瀬戸内の魚介を使った無添加冷凍離乳食・幼児食ブランド「mom’s(マムズ)」を手がける合同会社Delightsは4月25日、瀬戸内産の魚を主役にした冷凍幼児食シリーズ「せとと」を発売開始しました。
同社は、伊吹島産のいりこや未利用魚を活用しながら、子どもの“魚離れ解消”と“郷土の食文化継承”を目指しているといいます。
移住から4年を経て立ち上がった新ブランド
「mom’s」は累計4000名以上の利用者を持つ無添加冷凍離乳食ブランド。利用者からは「良質な魚メニューを増やしてほしい」という要望が最も多く寄せられていたそう。
同社代表のたがみまき氏は、より高い栄養価と鮮度を持つ食材を求めて、2022年に製造拠点を東京から高松へ移転。以来4年間、瀬戸内の生産者と関係性を深めながら、地元の海の恵みを子ども向けの食事に生かした新ブランド「せとと」の立ち上げへとつなげました。

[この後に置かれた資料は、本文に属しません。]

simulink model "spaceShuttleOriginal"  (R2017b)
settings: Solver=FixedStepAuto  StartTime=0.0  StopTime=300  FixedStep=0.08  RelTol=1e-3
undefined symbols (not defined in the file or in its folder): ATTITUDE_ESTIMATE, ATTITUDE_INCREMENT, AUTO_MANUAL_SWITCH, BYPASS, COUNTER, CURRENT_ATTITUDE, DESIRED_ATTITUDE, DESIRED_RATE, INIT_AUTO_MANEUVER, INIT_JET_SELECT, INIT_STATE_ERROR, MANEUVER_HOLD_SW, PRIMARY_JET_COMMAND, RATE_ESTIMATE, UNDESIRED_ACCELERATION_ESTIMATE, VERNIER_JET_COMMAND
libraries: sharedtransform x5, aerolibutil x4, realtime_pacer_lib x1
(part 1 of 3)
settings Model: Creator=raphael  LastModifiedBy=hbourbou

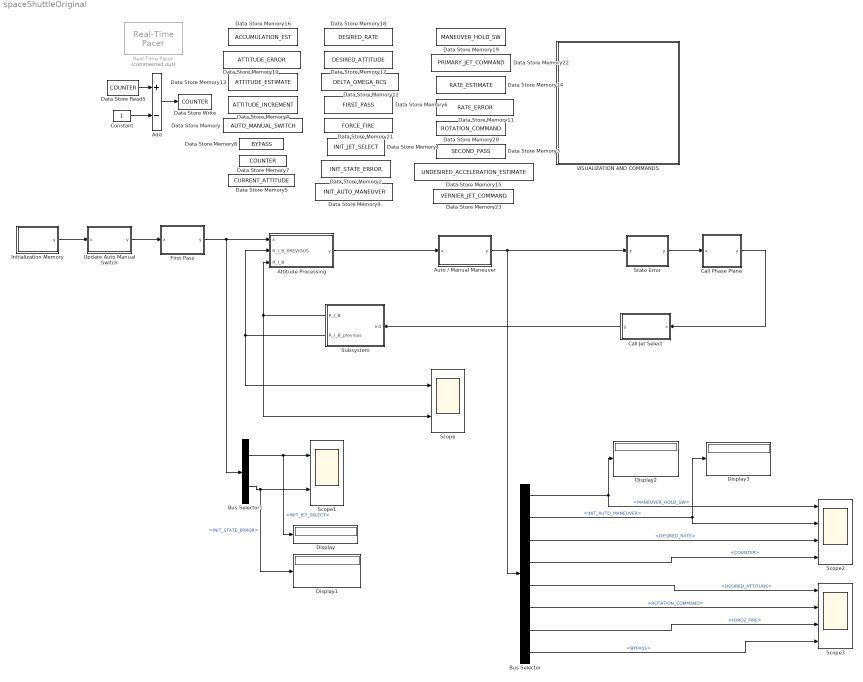
== system spaceShuttleOriginal ==
  Add : Sum  Inputs=+-
  Attitude Processing : Subsystem  Priority=2
  Auto / Manual Maneuver : Subsystem  Priority=2
  Bus Selector : BusSelector  OutputSignals=MANEUVER_HOLD_SW,INIT_AUTO_MANEUVER,DESIRED_RATE,COUNTER,DESIRED_ATTITUDE,ROTATION_COMMAND,FORCE_FIRE,BYPASS
  Bus Selector1 : BusSelector  OutputSignals=INIT_JET_SELECT,INIT_STATE_ERROR
  Call Jet Select : Subsystem  Priority=2
  Call Phase Plane : Subsystem  Priority=2
  Constant : Constant  SampleTime=-1
  Data Store Memory : DataStoreMemory  DataStoreName=AUTO_MANUAL_SWITCH  ReadBeforeWriteMsg=warning  WriteAfterWriteMsg=warning  WriteAfterReadMsg=warning  InitialValue=[0;0]  ShowAdditionalParam=off
  Data Store Memory1 : DataStoreMemory  DataStoreName=INIT_JET_SELECT  ReadBeforeWriteMsg=warning  WriteAfterWriteMsg=warning  WriteAfterReadMsg=warning  ShowAdditionalParam=off
  Data Store Memory10 : DataStoreMemory  DataStoreName=ATTITUDE_ERROR  ReadBeforeWriteMsg=warning  WriteAfterWriteMsg=warning  WriteAfterReadMsg=warning  InitialValue=[0;0;0]  ShowAdditionalParam=off  Dimensions=3
  Data Store Memory11 : DataStoreMemory  DataStoreName=RATE_ERROR  ReadBeforeWriteMsg=warning  WriteAfterWriteMsg=warning  WriteAfterReadMsg=warning  InitialValue=[0;0;0]  ShowAdditionalParam=off  Dimensions=3
  Data Store Memory12 : DataStoreMemory  DataStoreName=DELTA_OMEGA_RCS  ReadBeforeWriteMsg=warning  WriteAfterWriteMsg=warning  WriteAfterReadMsg=warning  InitialValue=[0;0;0]  ShowAdditionalParam=off  Dimensions=3
  Data Store Memory13 : DataStoreMemory  DataStoreName=ATTITUDE_ESTIMATE  ReadBeforeWriteMsg=warning  WriteAfterWriteMsg=warning  WriteAfterReadMsg=warning  InitialValue=[0;0;0]  ShowAdditionalParam=off  Dimensions=3
  Data Store Memory14 : DataStoreMemory  DataStoreName=RATE_ESTIMATE  ReadBeforeWriteMsg=warning  WriteAfterWriteMsg=warning  WriteAfterReadMsg=warning  InitialValue=[0;0;0]  ShowAdditionalParam=off  Dimensions=3
  Data Store Memory15 : DataStoreMemory  DataStoreName=UNDESIRED_ACCELERATION_ESTIMATE  ReadBeforeWriteMsg=warning  WriteAfterWriteMsg=warning  WriteAfterReadMsg=warning  InitialValue=[0;0;0]  ShowAdditionalParam=off  Dimensions=3
  Data Store Memory16 : DataStoreMemory  DataStoreName=ACCUMULATION_EST  ReadBeforeWriteMsg=warning  WriteAfterWriteMsg=warning  WriteAfterReadMsg=warning  InitialValue=[0;0;0]  ShowAdditionalParam=off  Dimensions=3
  Data Store Memory17 : DataStoreMemory  DataStoreName=DESIRED_ATTITUDE  ReadBeforeWriteMsg=warning  WriteAfterWriteMsg=warning  WriteAfterReadMsg=warning  InitialValue=[0;0;0]  ShowAdditionalParam=off  Dimensions=3
  Data Store Memory18 : DataStoreMemory  DataStoreName=DESIRED_RATE  ReadBeforeWriteMsg=warning  WriteAfterWriteMsg=warning  WriteAfterReadMsg=warning  InitialValue=[0;0;0]  ShowAdditionalParam=off  Dimensions=3
  Data Store Memory19 : DataStoreMemory  DataStoreName=MANEUVER_HOLD_SW  ReadBeforeWriteMsg=warning  WriteAfterWriteMsg=warning  WriteAfterReadMsg=warning  InitialValue=[0;0]  ShowAdditionalParam=off  Dimensions=2
  Data Store Memory2 : DataStoreMemory  DataStoreName=INIT_STATE_ERROR  ReadBeforeWriteMsg=warning  WriteAfterWriteMsg=warning  WriteAfterReadMsg=warning  InitialValue=[0;0;0]  ShowAdditionalParam=off  Dimensions=3
  Data Store Memory20 : DataStoreMemory  DataStoreName=ROTATION_COMMAND  ReadBeforeWriteMsg=warning  WriteAfterWriteMsg=warning  WriteAfterReadMsg=warning  InitialValue=[0;0;0]  ShowAdditionalParam=off  Dimensions=3
  Data Store Memory21 : DataStoreMemory  DataStoreName=FORCE_FIRE  ReadBeforeWriteMsg=warning  WriteAfterWriteMsg=warning  WriteAfterReadMsg=warning  InitialValue=[0;0;0]  ShowAdditionalParam=off  Dimensions=3
  Data Store Memory22 : DataStoreMemory  DataStoreName=PRIMARY_JET_COMMAND  ReadBeforeWriteMsg=warning  WriteAfterWriteMsg=warning  WriteAfterReadMsg=warning  InitialValue=[0;0;0;0;0;0;0;0;0;0;0]  ShowAdditionalParam=off  Dimensions=11
  Data Store Memory23 : DataStoreMemory  DataStoreName=VERNIER_JET_COMMAND  ReadBeforeWriteMsg=warning  WriteAfterWriteMsg=warning  WriteAfterReadMsg=warning  InitialValue=[0;0;0;0;0;0]  ShowAdditionalParam=off  Dimensions=6
  Data Store Memory3 : DataStoreMemory  DataStoreName=SECOND_PASS  ReadBeforeWriteMsg=warning  WriteAfterWriteMsg=warning  WriteAfterReadMsg=warning  ShowAdditionalParam=off
  Data Store Memory4 : DataStoreMemory  DataStoreName=ATTITUDE_INCREMENT  ReadBeforeWriteMsg=warning  WriteAfterWriteMsg=warning  WriteAfterReadMsg=warning  InitialValue=[0;0;0]  ShowAdditionalParam=off  Dimensions=3
  Data Store Memory5 : DataStoreMemory  DataStoreName=CURRENT_ATTITUDE  ReadBeforeWriteMsg=warning  WriteAfterWriteMsg=warning  WriteAfterReadMsg=warning  InitialValue=[0;0;0;0]  ShowAdditionalParam=off  Dimensions=4
  Data Store Memory6 : DataStoreMemory  DataStoreName=FIRST_PASS  ReadBeforeWriteMsg=warning  WriteAfterWriteMsg=warning  WriteAfterReadMsg=warning  InitialValue=1  ShowAdditionalParam=off  Dimensions=1
  Data Store Memory7 : DataStoreMemory  DataStoreName=COUNTER  ReadBeforeWriteMsg=warning  WriteAfterWriteMsg=warning  WriteAfterReadMsg=warning  ShowAdditionalParam=off  Dimensions=1
  Data Store Memory8 : DataStoreMemory  DataStoreName=BYPASS  ReadBeforeWriteMsg=warning  WriteAfterWriteMsg=warning  WriteAfterReadMsg=warning  InitialValue=[1;1;1]  ShowAdditionalParam=off  Dimensions=3
  Data Store Memory9 : DataStoreMemory  DataStoreName=INIT_AUTO_MANEUVER  ReadBeforeWriteMsg=warning  WriteAfterWriteMsg=warning  WriteAfterReadMsg=warning  InitialValue=[0]  ShowAdditionalParam=off  Dimensions=1
  Data Store Read5 : DataStoreRead  DataStoreName=COUNTER
  Data Store Write : DataStoreWrite  DataStoreName=COUNTER
  Display{,1..3} (4 alike) : Display
  First Pass : Subsystem  Priority=2
  Initialization Memory : Subsystem
  Real-Time Pacer : realtime_pacer_lib/Real-Time Pacer  Commented=on  simTimePerRealTime=1
  Scope : Scope  NumInputPorts=2
  Scope1 : Scope  NumInputPorts=2
  Scope2 : Scope  NumInputPorts=4
  Scope3 : Scope  NumInputPorts=4
  State Error : Subsystem  Priority=2
  Subsystem : Subsystem
      mask Display: image(imread('spaceShuttle.jpg','jpg'),'center')
  Update Auto Manual Switch : Subsystem  Priority=2
  VISUALIZATION AND COMMANDS : Subsystem
  wires:
  Update Auto Manual Switch/1(y) -> First Pass/1(x)
  First Pass/1(y) -> Bus Selector1/1, Attitude Processing/1(x)
  Data Store Read5/1 -> Add/1
  Constant/1 -> Add/2
  Add/1 -> Data Store Write/1
  Attitude Processing/1(y) -> Auto / Manual Maneuver/1(x)
  Auto / Manual Maneuver/1(y) -> Bus Selector/1, State Error/1(x)
  State Error/1(y) -> Call Phase Plane/1(x)
  Call Phase Plane/1(y) -> Call Jet Select/1(x)
  Call Jet Select/1(y) -> Subsystem/1(In1)
  Subsystem/1(R_I_B) -> Attitude Processing/3(R_I_B), Scope/2
  Subsystem/2(R_I_B_previous) -> Attitude Processing/2(R_I_B_PREVIOUS), Scope/1
  Initialization Memory/1(y) -> Update Auto Manual Switch/1(x)
  Bus Selector/1 -> Display2/1, Scope2/1  "<MANEUVER_HOLD_SW>"
  Bus Selector/2 -> Display3/1, Scope2/2  "<INIT_AUTO_MANEUVER>"
  Bus Selector/3 -> Scope2/3  "<DESIRED_RATE>"
  Bus Selector/4 -> Scope2/4  "<COUNTER>"
  Bus Selector1/1 -> Display/1, Scope1/1  "<INIT_JET_SELECT>"
  Bus Selector1/2 -> Display1/1, Scope1/2  "<INIT_STATE_ERROR>"
  Bus Selector/5 -> Scope3/1  "<DESIRED_ATTITUDE>"
  Bus Selector/6 -> Scope3/2  "<ROTATION_COMMAND>"
  Bus Selector/7 -> Scope3/3  "<FORCE_FIRE>"
  Bus Selector/8 -> Scope3/4  "<BYPASS>"

== system spaceShuttleOriginal/Attitude Processing ==
  x : Inport
  R_I_B_PREVIOUS : Inport  Port=2
  R_I_B : Inport  Port=3
  Data Store Read : DataStoreRead  DataStoreName=SECOND_PASS
  If : If  IfExpression=u1 == 1
  Merge : Merge
  SECOND_PASS == 0 : Subsystem  TreatAsAtomicUnit=on
  SECOND_PASS == 1 : Subsystem  TreatAsAtomicUnit=on
  y : Outport
  wires:
  x/1 -> SECOND_PASS == 0/1(x), SECOND_PASS == 1/1(x)
  Data Store Read/1 -> If/1
  SECOND_PASS == 1/1(y) -> Merge/1
  If/1 -> SECOND_PASS == 1/Action
  If/2 -> SECOND_PASS == 0/Action
  SECOND_PASS == 0/1(y) -> Merge/2
  Merge/1 -> y/1
  R_I_B/1 -> SECOND_PASS == 1/2(R_I_B)
  R_I_B_PREVIOUS/1 -> SECOND_PASS == 1/3(R_I_B1)

== system spaceShuttleOriginal/Auto // Manual Maneuver ==
  x : Inport
  Bus Selector1 : BusSelector  OutputSignals=AUTO_MANUAL_SWITCH
  IF MANUAL : Subsystem  TreatAsAtomicUnit=on
  If : If  IfExpression=u1 == 1
  If AUTO : Subsystem  TreatAsAtomicUnit=on
  Merge : Merge
  Selector : Selector  InputPortWidth=2  IndexOptions=Index vector (dialog)  Indices=[1]  OutputSizes=1
  y : Outport
  wires:
  Selector/1 -> If/1
  If/1 -> If AUTO/Action
  Bus Selector1/1 -> Selector/1  "<AUTO_MANUAL_SWITCH>"
  x/1 -> IF MANUAL/1(x), If AUTO/1(x), Bus Selector1/1
  If/2 -> IF MANUAL/Action
  Merge/1 -> y/1
  IF MANUAL/1(y) -> Merge/2
  If AUTO/1(Out1) -> Merge/1

== system spaceShuttleOriginal/Call Jet Select ==
  x : Inport
  Bus Assignment : BusAssignment  AssignedSignals=INIT_JET_SELECT
  Bus Selector1 : BusSelector  OutputSignals=USER_INPUTS.PRIMARY_VERNIER_SW
  Constant2 : Constant  Value=0
  Data Store Write : DataStoreWrite  DataStoreName=INIT_JET_SELECT
  If : If  IfExpression=u1 == 1
  Merge : Merge
  PRIMARY JETS : Subsystem  TreatAsAtomicUnit=on
  VERNIER JETS : Subsystem  TreatAsAtomicUnit=on
  y : Outport
  wires:
  x/1 -> VERNIER JETS/1(x), PRIMARY JETS/1(In1), Bus Selector1/1
  If/1 -> PRIMARY JETS/Action
  PRIMARY JETS/1(y) -> Merge/1
  If/2 -> VERNIER JETS/Action
  Bus Selector1/1 -> If/1  "<PRIMARY_VERNIER_SW>"
  VERNIER JETS/1(y) -> Merge/2
  Constant2/1 -> Bus Assignment/2, Data Store Write/1
  Merge/1 -> Bus Assignment/1
  Bus Assignment/1 -> y/1

== system spaceShuttleOriginal/Call Phase Plane ==
  x : Inport
  Bus Assignment : BusAssignment  AssignedSignals=ROTATION_COMMAND
  Data Store Write : DataStoreWrite  DataStoreName=ROTATION_COMMAND
  Display : Display
  Get Rotation Pitch : Subsystem
  Get Rotation Roll : Subsystem
  Get Rotation Yaw : Subsystem
  Mux : Mux  Inputs=3
  y : Outport
  wires:
  x/1 -> Get Rotation Roll/1(In1), Bus Assignment/1, Get Rotation Yaw/1(In1), Get Rotation Pitch/1(In1)
  Get Rotation Yaw/1(Out1) -> Mux/3
  Mux/1 -> Display/1, Data Store Write/1, Bus Assignment/2
  Get Rotation Roll/1(Out1) -> Mux/1
  Get Rotation Pitch/1(Out1) -> Mux/2
  Bus Assignment/1 -> y/1

== system spaceShuttleOriginal/First Pass ==
  x : Inport
  Bus Selector : BusSelector  OutputSignals=FIRST_PASS
  If : If  IfExpression=u1 == 1
  If First Pass : Subsystem  TreatAsAtomicUnit=on
  If not first pass : Subsystem  TreatAsAtomicUnit=on
  Merge : Merge
  y : Outport
  wires:
  x/1 -> If not first pass/1(In1), Bus Selector/1, If First Pass/1(In1)
  If not first pass/1(x) -> Merge/2
  If/1 -> If First Pass/Action
  If/2 -> If not first pass/Action
  If First Pass/1(x) -> Merge/1
  Merge/1 -> y/1
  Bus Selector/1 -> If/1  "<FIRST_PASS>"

「せとと」は、瀬戸内の魚を幼児でも食べやすい形に加工し、家庭では再現しにくいメニューを提供。伊吹島産のいりこや、規格外魚・害魚として扱われがちな魚を積極的に使うなど、地域資源を無駄なく生かす設計が特徴です。
伊吹島産いりこと未利用魚、郷土の味に込めた3つのこだわり
「せとと」の主なこだわりは3点あるといいます。
その1つが、伊吹島産いりこを“丸ごと食べる”体験です。
釜揚げイリコのカレーフリット(提供:合同会社Delights)いりこになれなかった脂の乗ったイワシを釜揚げにし、独自加工によって小さな子どもでも丸ごと食べられるカルシウム豊富なメニューに仕立てたそう。讃岐の食文化を次世代に伝えることも考えています。
また、ノリやカキを食べてしまうため害魚とされるクロダイや、傷などで市場に出にくい規格外魚を有効活用し、地元の水産加工会社・株式会社ホリなどと連携して地域産業の活性化と資源循環を実現したといいます。
スズキのクリームコロッケ(提供:合同会社Delights)郷土料理を幼児向けにリデザイン
さらには、香川の「白味噌つみれ汁」など、地域ならではの味付けを子ども向けにアレンジし、ハモなど大人も一緒に楽しめる魚を使った「家族で同じものを囲める食卓」を提案します。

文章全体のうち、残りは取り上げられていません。